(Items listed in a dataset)
# # # # #

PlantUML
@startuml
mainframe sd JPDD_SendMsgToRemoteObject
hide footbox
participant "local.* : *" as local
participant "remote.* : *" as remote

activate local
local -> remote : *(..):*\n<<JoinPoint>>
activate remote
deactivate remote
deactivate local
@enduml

# # # # #

Copy all of the data exactly. Skip nothing.

PlantUML
@startuml
mainframe sd JPDD_SendMsgToRemoteObject
hide footbox
participant "local.* : *" as local
participant "remote.* : *" as remote

activate local
local -> remote : *(..):*\n<<JoinPoint>>
activate remote
deactivate remote
deactivate local
@enduml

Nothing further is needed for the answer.